The pedal worked fine ...and then it stopped functioning a few days ago. 
I looked inside and could not believe how much Mark had stuffed into a little 1590A enclosure!

This pic is not of Mark's pedal (I must get a pic of it for this thread) but it gives an indication of the amount of stuffing happening.

Mark's SNAP pedal has 2 pots AND 2 small toggle switches AND an LED in addition to many more passive components then the pedal in this pic .

The "hot" of one of the jacks had somehow become bent and was grounding out on the switch casing and also not allowing the plug to fully engage the 'hot' contact and stay plugged in.

I only broke 2 solder joints (both on the switch) during my repair efforts. Thank goodness the breaks were obvious and easy to solder again.


----------



## Budda (May 29, 2007)

Jeez! Busy!


----------



## mhammer (Nov 30, 2007)

Aw shucks, Dave. Thanks.

Unless one is getting surface-mount boards wave-soldered by a contractor, building FX into those tiny boxes is like building a ship in a bottle with one hand tied behind your back. I get suckered into using them because I can get them relatively inexpensively from Tayda, pre-powder-coated, and because they're so small and light, the shipping costs are minimal, compared to the larger boxes.
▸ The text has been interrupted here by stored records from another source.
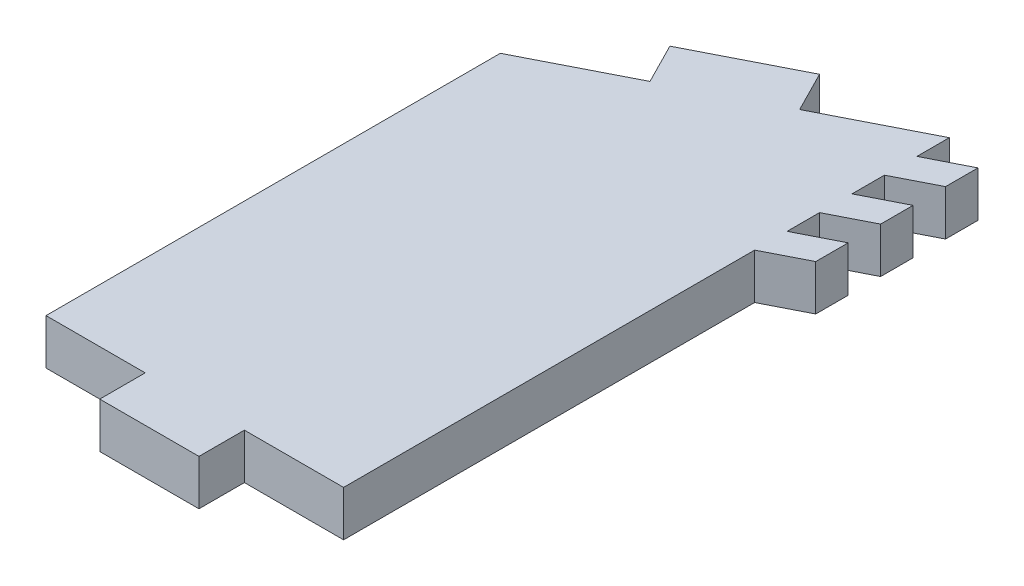
ISO-10303-21;
HEADER;
FILE_DESCRIPTION(('STEP AP214'),'2;1');
FILE_NAME('part.step','',(''),(''),'','','');
FILE_SCHEMA(('AUTOMOTIVE_DESIGN { 1 0 10303 214 1 1 1 1 }'));
ENDSEC;
DATA;
#1=APPLICATION_CONTEXT('core data for automotive mechanical design processes');
#2=APPLICATION_PROTOCOL_DEFINITION('international standard','automotive_design',2000,#1);
#3=PRODUCT_CONTEXT('',#1,'mechanical');
#4=PRODUCT('Part','Part','',(#3));
#5=PRODUCT_RELATED_PRODUCT_CATEGORY('part','',(#4));
#6=PRODUCT_DEFINITION_FORMATION('','',#4);
#7=PRODUCT_DEFINITION_CONTEXT('part definition',#1,'design');
#8=PRODUCT_DEFINITION('design','',#6,#7);
#9=PRODUCT_DEFINITION_SHAPE('','',#8);
#10=(LENGTH_UNIT() NAMED_UNIT(*) SI_UNIT(.MILLI.,.METRE.));
#11=(NAMED_UNIT(*) PLANE_ANGLE_UNIT() SI_UNIT($,.RADIAN.));
#12=(NAMED_UNIT(*) SI_UNIT($,.STERADIAN.) SOLID_ANGLE_UNIT());
#13=UNCERTAINTY_MEASURE_WITH_UNIT(LENGTH_MEASURE(1.E-05),#10,'distance_accuracy_value','');
#14=(GEOMETRIC_REPRESENTATION_CONTEXT(3) GLOBAL_UNCERTAINTY_ASSIGNED_CONTEXT((#13)) GLOBAL_UNIT_ASSIGNED_CONTEXT((#10,
#11,#12)) REPRESENTATION_CONTEXT('',''));
#15=CARTESIAN_POINT('',(0.,0.,0.));
#16=DIRECTION('',(0.,0.,1.));
#17=DIRECTION('',(1.,0.,0.));
#18=AXIS2_PLACEMENT_3D('',#15,#16,#17);
#19=CARTESIAN_POINT('',(19.65,3.,-40.));
#20=DIRECTION('',(-1.,0.,0.));
#21=DIRECTION('',(0.,0.,1.));
#22=AXIS2_PLACEMENT_3D('',#19,#20,#21);
#23=PLANE('',#22);
#24=DIRECTION('',(0.,0.,-1.));
#25=VECTOR('',#24,1.);
#26=CARTESIAN_POINT('',(19.65,0.,-40.));
#27=LINE('',#26,#25);
#28=CARTESIAN_POINT('',(19.65,0.,-33.5714281428571));
#29=VERTEX_POINT('',#28);
#30=CARTESIAN_POINT('',(19.65,0.,-35.7142851428571));
#31=VERTEX_POINT('',#30);
#32=EDGE_CURVE('E440',#29,#31,#27,.T.);
#33=ORIENTED_EDGE('',*,*,#32,.T.);
#34=DIRECTION('',(0.,-1.,0.));
#35=VECTOR('',#34,1.);
#36=CARTESIAN_POINT('',(19.65,3.,-35.7142851428571));
#37=LINE('',#36,#35);
#38=CARTESIAN_POINT('',(19.65,3.,-35.7142851428571));
#39=VERTEX_POINT('',#38);
#40=EDGE_CURVE('E67',#39,#31,#37,.T.);
#41=ORIENTED_EDGE('',*,*,#40,.F.);
#42=DIRECTION('',(0.,0.,-1.));
#43=VECTOR('',#42,1.);
#44=CARTESIAN_POINT('',(19.65,3.,0.));
#45=LINE('',#44,#43);
#46=CARTESIAN_POINT('',(19.65,3.,-33.5714281428571));
#47=VERTEX_POINT('',#46);
#48=EDGE_CURVE('E438',#47,#39,#45,.T.);
#49=ORIENTED_EDGE('',*,*,#48,.F.);
#50=DIRECTION('',(0.,-1.,0.));
#51=VECTOR('',#50,1.);
#52=CARTESIAN_POINT('',(19.65,3.,-33.5714281428571));
#53=LINE('',#52,#51);
#54=EDGE_CURVE('E240',#47,#29,#53,.T.);
#55=ORIENTED_EDGE('',*,*,#54,.T.);
#56=EDGE_LOOP('',(#33,#41,#49,#55));
#57=FACE_BOUND('',#56,.T.);
#58=ADVANCED_FACE('F44',(#57),#23,.F.);
#59=CARTESIAN_POINT('',(19.65,0.,-29.2857141428571));
#60=VERTEX_POINT('',#59);
#61=CARTESIAN_POINT('',(19.65,0.,-31.4285711428571));
#62=VERTEX_POINT('',#61);
#63=EDGE_CURVE('E374',#60,#62,#27,.T.);
#64=ORIENTED_EDGE('',*,*,#63,.T.);
#65=DIRECTION('',(0.,-1.,0.));
#66=VECTOR('',#65,1.);
#67=CARTESIAN_POINT('',(19.65,3.,-31.4285711428571));
#68=LINE('',#67,#66);
#69=CARTESIAN_POINT('',(19.65,3.,-31.4285711428571));
#70=VERTEX_POINT('',#69);
#71=EDGE_CURVE('E235',#70,#62,#68,.T.);
#72=ORIENTED_EDGE('',*,*,#71,.F.);
#73=CARTESIAN_POINT('',(19.65,3.,-29.2857141428571));
#74=VERTEX_POINT('',#73);
#75=EDGE_CURVE('E358',#74,#70,#45,.T.);
#76=ORIENTED_EDGE('',*,*,#75,.F.);
#77=DIRECTION('',(0.,-1.,0.));
#78=VECTOR('',#77,1.);
#79=CARTESIAN_POINT('',(19.65,3.,-29.2857141428571));
#80=LINE('',#79,#78);
#81=EDGE_CURVE('E294',#74,#60,#80,.T.);
#82=ORIENTED_EDGE('',*,*,#81,.T.);
#83=EDGE_LOOP('',(#64,#72,#76,#82));
#84=FACE_BOUND('',#83,.T.);
#85=ADVANCED_FACE('F463',(#84),#23,.F.);
#86=CARTESIAN_POINT('',(0.,3.,0.));
#87=DIRECTION('',(0.,0.,-1.));
#88=DIRECTION('',(-1.,0.,0.));
#89=AXIS2_PLACEMENT_3D('',#86,#87,#88);
#90=PLANE('',#89);
#91=DIRECTION('',(0.,-1.,0.));
#92=VECTOR('',#91,1.);
#93=CARTESIAN_POINT('',(6.55,3.,0.));
#94=LINE('',#93,#92);
#95=CARTESIAN_POINT('',(6.55,3.,0.));
#96=VERTEX_POINT('',#95);
#97=CARTESIAN_POINT('',(6.55,0.,0.));
#98=VERTEX_POINT('',#97);
#99=EDGE_CURVE('E260',#96,#98,#94,.T.);
#100=ORIENTED_EDGE('',*,*,#99,.F.);
#101=DIRECTION('',(1.,0.,0.));
#102=VECTOR('',#101,1.);
#103=CARTESIAN_POINT('',(0.,3.,0.));
#104=LINE('',#103,#102);
#105=CARTESIAN_POINT('',(0.,3.,0.));
#106=VERTEX_POINT('',#105);
#107=EDGE_CURVE('E351',#106,#96,#104,.T.);
#108=ORIENTED_EDGE('',*,*,#107,.F.);
#109=DIRECTION('',(0.,-1.,0.));
#110=VECTOR('',#109,1.);
#111=CARTESIAN_POINT('',(0.,3.,0.));
#112=LINE('',#111,#110);
#113=CARTESIAN_POINT('',(0.,0.,0.));
#114=VERTEX_POINT('',#113);
#115=EDGE_CURVE('E11',#106,#114,#112,.T.);
#116=ORIENTED_EDGE('',*,*,#115,.T.);
#117=DIRECTION('',(1.,0.,0.));
#118=VECTOR('',#117,1.);
#119=CARTESIAN_POINT('',(0.,0.,0.));
#120=LINE('',#119,#118);
#121=EDGE_CURVE('E366',#114,#98,#120,.T.);
#122=ORIENTED_EDGE('',*,*,#121,.T.);
#123=EDGE_LOOP('',(#100,#108,#116,#122));
#124=FACE_BOUND('',#123,.T.);
#125=ADVANCED_FACE('F412',(#124),#90,.F.);
#126=DIRECTION('',(0.,-1.,0.));
#127=VECTOR('',#126,1.);
#128=CARTESIAN_POINT('',(19.65,3.,-27.1428571428571));
#129=LINE('',#128,#127);
#130=CARTESIAN_POINT('',(19.65,3.,-27.1428571428571));
#131=VERTEX_POINT('',#130);
#132=CARTESIAN_POINT('',(19.65,0.,-27.1428571428571));
#133=VERTEX_POINT('',#132);
#134=EDGE_CURVE('E287',#131,#133,#129,.T.);
#135=ORIENTED_EDGE('',*,*,#134,.F.);
#136=CARTESIAN_POINT('',(19.65,3.,0.));
#137=VERTEX_POINT('',#136);
#138=EDGE_CURVE('E354',#137,#131,#45,.T.);
#139=ORIENTED_EDGE('',*,*,#138,.F.);
#140=DIRECTION('',(0.,-1.,0.));
#141=VECTOR('',#140,1.);
#142=CARTESIAN_POINT('',(19.65,3.,0.));
#143=LINE('',#142,#141);
#144=CARTESIAN_POINT('',(19.65,0.,0.));
#145=VERTEX_POINT('',#144);
#146=EDGE_CURVE('E52',#137,#145,#143,.T.);
#147=ORIENTED_EDGE('',*,*,#146,.T.);
#148=EDGE_CURVE('E370',#145,#133,#27,.T.);
#149=ORIENTED_EDGE('',*,*,#148,.T.);
#150=EDGE_LOOP('',(#135,#139,#147,#149));
#151=FACE_BOUND('',#150,.T.);
#152=ADVANCED_FACE('F386',(#151),#23,.F.);
#153=CARTESIAN_POINT('',(0.,3.,-30.));
#154=DIRECTION('',(0.453552054603838,0.,0.891229787296541));
#155=DIRECTION('',(0.891229787296541,0.,-0.453552054603838));
#156=AXIS2_PLACEMENT_3D('',#153,#154,#155);
#157=PLANE('',#156);
#158=DIRECTION('',(0.,-1.,0.));
#159=VECTOR('',#158,1.);
#160=CARTESIAN_POINT('',(13.0994610633704,3.,-36.6663923986618));
#161=LINE('',#160,#159);
#162=CARTESIAN_POINT('',(13.0994610633704,3.,-36.6663923986618));
#163=VERTEX_POINT('',#162);
#164=CARTESIAN_POINT('',(13.0994610633704,0.,-36.6663923986618));
#165=VERTEX_POINT('',#164);
#166=EDGE_CURVE('E337',#163,#165,#161,.T.);
#167=ORIENTED_EDGE('',*,*,#166,.F.);
#168=DIRECTION('',(-0.891229787296541,0.,0.453552054603838));
#169=VECTOR('',#168,1.);
#170=CARTESIAN_POINT('',(0.,3.,-30.));
#171=LINE('',#170,#169);
#172=CARTESIAN_POINT('',(19.65,3.,-40.));
#173=VERTEX_POINT('',#172);
#174=EDGE_CURVE('E359',#173,#163,#171,.T.);
#175=ORIENTED_EDGE('',*,*,#174,.F.);
#176=DIRECTION('',(0.,-1.,0.));
#177=VECTOR('',#176,1.);
#178=CARTESIAN_POINT('',(19.65,3.,-40.));
#179=LINE('',#178,#177);
#180=CARTESIAN_POINT('',(19.65,0.,-40.));
#181=VERTEX_POINT('',#180);
#182=EDGE_CURVE('E379',#173,#181,#179,.T.);
#183=ORIENTED_EDGE('',*,*,#182,.T.);
#184=DIRECTION('',(-0.891229787296541,0.,0.453552054603838));
#185=VECTOR('',#184,1.);
#186=CARTESIAN_POINT('',(0.,0.,-30.));
#187=LINE('',#186,#185);
#188=EDGE_CURVE('E350',#181,#165,#187,.T.);
#189=ORIENTED_EDGE('',*,*,#188,.T.);
#190=EDGE_LOOP('',(#167,#175,#183,#189));
#191=FACE_BOUND('',#190,.T.);
#192=ADVANCED_FACE('F436',(#191),#157,.F.);
#193=CARTESIAN_POINT('',(0.,3.,0.));
#194=DIRECTION('',(1.,0.,0.));
#195=DIRECTION('',(0.,0.,-1.));
#196=AXIS2_PLACEMENT_3D('',#193,#194,#195);
#197=PLANE('',#196);
#198=DIRECTION('',(0.,0.,1.));
#199=VECTOR('',#198,1.);
#200=CARTESIAN_POINT('',(0.,0.,0.));
#201=LINE('',#200,#199);
#202=CARTESIAN_POINT('',(0.,0.,-30.));
#203=VERTEX_POINT('',#202);
#204=EDGE_CURVE('E339',#203,#114,#201,.T.);
#205=ORIENTED_EDGE('',*,*,#204,.T.);
#206=ORIENTED_EDGE('',*,*,#115,.F.);
#207=DIRECTION('',(0.,0.,1.));
#208=VECTOR('',#207,1.);
#209=CARTESIAN_POINT('',(0.,3.,0.));
#210=LINE('',#209,#208);
#211=CARTESIAN_POINT('',(0.,3.,-30.));
#212=VERTEX_POINT('',#211);
#213=EDGE_CURVE('E346',#212,#106,#210,.T.);
#214=ORIENTED_EDGE('',*,*,#213,.F.);
#215=DIRECTION('',(0.,-1.,0.));
#216=VECTOR('',#215,1.);
#217=CARTESIAN_POINT('',(0.,3.,-30.));
#218=LINE('',#217,#216);
#219=EDGE_CURVE('E362',#212,#203,#218,.T.);
#220=ORIENTED_EDGE('',*,*,#219,.T.);
#221=EDGE_LOOP('',(#205,#206,#214,#220));
#222=FACE_BOUND('',#221,.T.);
#223=ADVANCED_FACE('F46',(#222),#197,.F.);
#224=CARTESIAN_POINT('',(13.1,3.,0.));
#225=VERTEX_POINT('',#224);
#226=EDGE_CURVE('E349',#225,#137,#104,.T.);
#227=ORIENTED_EDGE('',*,*,#226,.F.);
#228=DIRECTION('',(0.,-1.,0.));
#229=VECTOR('',#228,1.);
#230=CARTESIAN_POINT('',(13.1,3.,0.));
#231=LINE('',#230,#229);
#232=CARTESIAN_POINT('',(13.1,0.,0.));
#233=VERTEX_POINT('',#232);
#234=EDGE_CURVE('E268',#225,#233,#231,.T.);
#235=ORIENTED_EDGE('',*,*,#234,.T.);
#236=EDGE_CURVE('E365',#233,#145,#120,.T.);
#237=ORIENTED_EDGE('',*,*,#236,.T.);
#238=ORIENTED_EDGE('',*,*,#146,.F.);
#239=EDGE_LOOP('',(#227,#235,#237,#238));
#240=FACE_BOUND('',#239,.T.);
#241=ADVANCED_FACE('F390',(#240),#90,.F.);
#242=CARTESIAN_POINT('',(19.65,3.,-37.8571421428571));
#243=VERTEX_POINT('',#242);
#244=EDGE_CURVE('E59',#243,#173,#45,.T.);
#245=ORIENTED_EDGE('',*,*,#244,.F.);
#246=DIRECTION('',(0.,-1.,0.));
#247=VECTOR('',#246,1.);
#248=CARTESIAN_POINT('',(19.65,3.,-37.8571421428571));
#249=LINE('',#248,#247);
#250=CARTESIAN_POINT('',(19.65,0.,-37.8571421428571));
#251=VERTEX_POINT('',#250);
#252=EDGE_CURVE('E238',#243,#251,#249,.T.);
#253=ORIENTED_EDGE('',*,*,#252,.T.);
#254=EDGE_CURVE('E369',#251,#181,#27,.T.);
#255=ORIENTED_EDGE('',*,*,#254,.T.);
#256=ORIENTED_EDGE('',*,*,#182,.F.);
#257=EDGE_LOOP('',(#245,#253,#255,#256));
#258=FACE_BOUND('',#257,.T.);
#259=ADVANCED_FACE('F439',(#258),#23,.F.);
#260=CARTESIAN_POINT('',(6.54892212674084,3.,-33.3327847973236));
#261=VERTEX_POINT('',#260);
#262=EDGE_CURVE('E357',#261,#212,#171,.T.);
#263=ORIENTED_EDGE('',*,*,#262,.F.);
#264=DIRECTION('',(0.,-1.,0.));
#265=VECTOR('',#264,1.);
#266=CARTESIAN_POINT('',(6.54892212674084,3.,-33.3327847973236));
#267=LINE('',#266,#265);
#268=CARTESIAN_POINT('',(6.54892212674085,0.,-33.3327847973236));
#269=VERTEX_POINT('',#268);
#270=EDGE_CURVE('E329',#261,#269,#267,.T.);
#271=ORIENTED_EDGE('',*,*,#270,.T.);
#272=EDGE_CURVE('E373',#269,#203,#187,.T.);
#273=ORIENTED_EDGE('',*,*,#272,.T.);
#274=ORIENTED_EDGE('',*,*,#219,.F.);
#275=EDGE_LOOP('',(#263,#271,#273,#274));
#276=FACE_BOUND('',#275,.T.);
#277=ADVANCED_FACE('F421',(#276),#157,.F.);
#278=CARTESIAN_POINT('',(0.,3.,0.));
#279=DIRECTION('',(0.,-1.,0.));
#280=DIRECTION('',(0.,0.,-1.));
#281=AXIS2_PLACEMENT_3D('',#278,#279,#280);
#282=PLANE('',#281);
#283=ORIENTED_EDGE('',*,*,#213,.T.);
#284=ORIENTED_EDGE('',*,*,#107,.T.);
#285=DIRECTION('',(0.,0.,-1.));
#286=VECTOR('',#285,1.);
#287=CARTESIAN_POINT('',(6.55,3.,0.));
#288=LINE('',#287,#286);
#289=CARTESIAN_POINT('',(6.55,3.,3.00000000000004));
#290=VERTEX_POINT('',#289);
#291=EDGE_CURVE('E271',#290,#96,#288,.T.);
#292=ORIENTED_EDGE('',*,*,#291,.F.);
#293=DIRECTION('',(-1.,0.,0.));
#294=VECTOR('',#293,1.);
#295=CARTESIAN_POINT('',(6.55,3.,3.00000000000004));
#296=LINE('',#295,#294);
#297=CARTESIAN_POINT('',(13.1,3.,3.00000000000008));
#298=VERTEX_POINT('',#297);
#299=EDGE_CURVE('E289',#298,#290,#296,.T.);
#300=ORIENTED_EDGE('',*,*,#299,.F.);
#301=DIRECTION('',(0.,0.,1.));
#302=VECTOR('',#301,1.);
#303=CARTESIAN_POINT('',(13.1,3.,0.));
#304=LINE('',#303,#302);
#305=EDGE_CURVE('E281',#225,#298,#304,.T.);
#306=ORIENTED_EDGE('',*,*,#305,.F.);
#307=ORIENTED_EDGE('',*,*,#226,.T.);
#308=ORIENTED_EDGE('',*,*,#138,.T.);
#309=DIRECTION('',(-0.891244110910059,0.,0.45352390760371));
#310=VECTOR('',#309,1.);
#311=CARTESIAN_POINT('',(19.65,3.,-27.1428571428571));
#312=LINE('',#311,#310);
#313=CARTESIAN_POINT('',(22.3237323327302,3.,-28.5034288656682));
#314=VERTEX_POINT('',#313);
#315=EDGE_CURVE('E297',#314,#131,#312,.T.);
#316=ORIENTED_EDGE('',*,*,#315,.F.);
#317=DIRECTION('',(0.,0.,1.));
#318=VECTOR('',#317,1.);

But yeah, I had to make some compromises with your pedal, Dave. The original would have used 4 pots, and 4 pots simply weren't going to fit in there, so I used 3-position toggles for the tone adjustments. I think they provide enough variation. The jacks, however, are an absolute bear to situate in those boxes. And unless you have the "right" ones, , and your drill press has absolute dead aim, one can be severely limited in what you can stuff in there using thru-hole components. Thank goodness for 1/8W resistors!


----------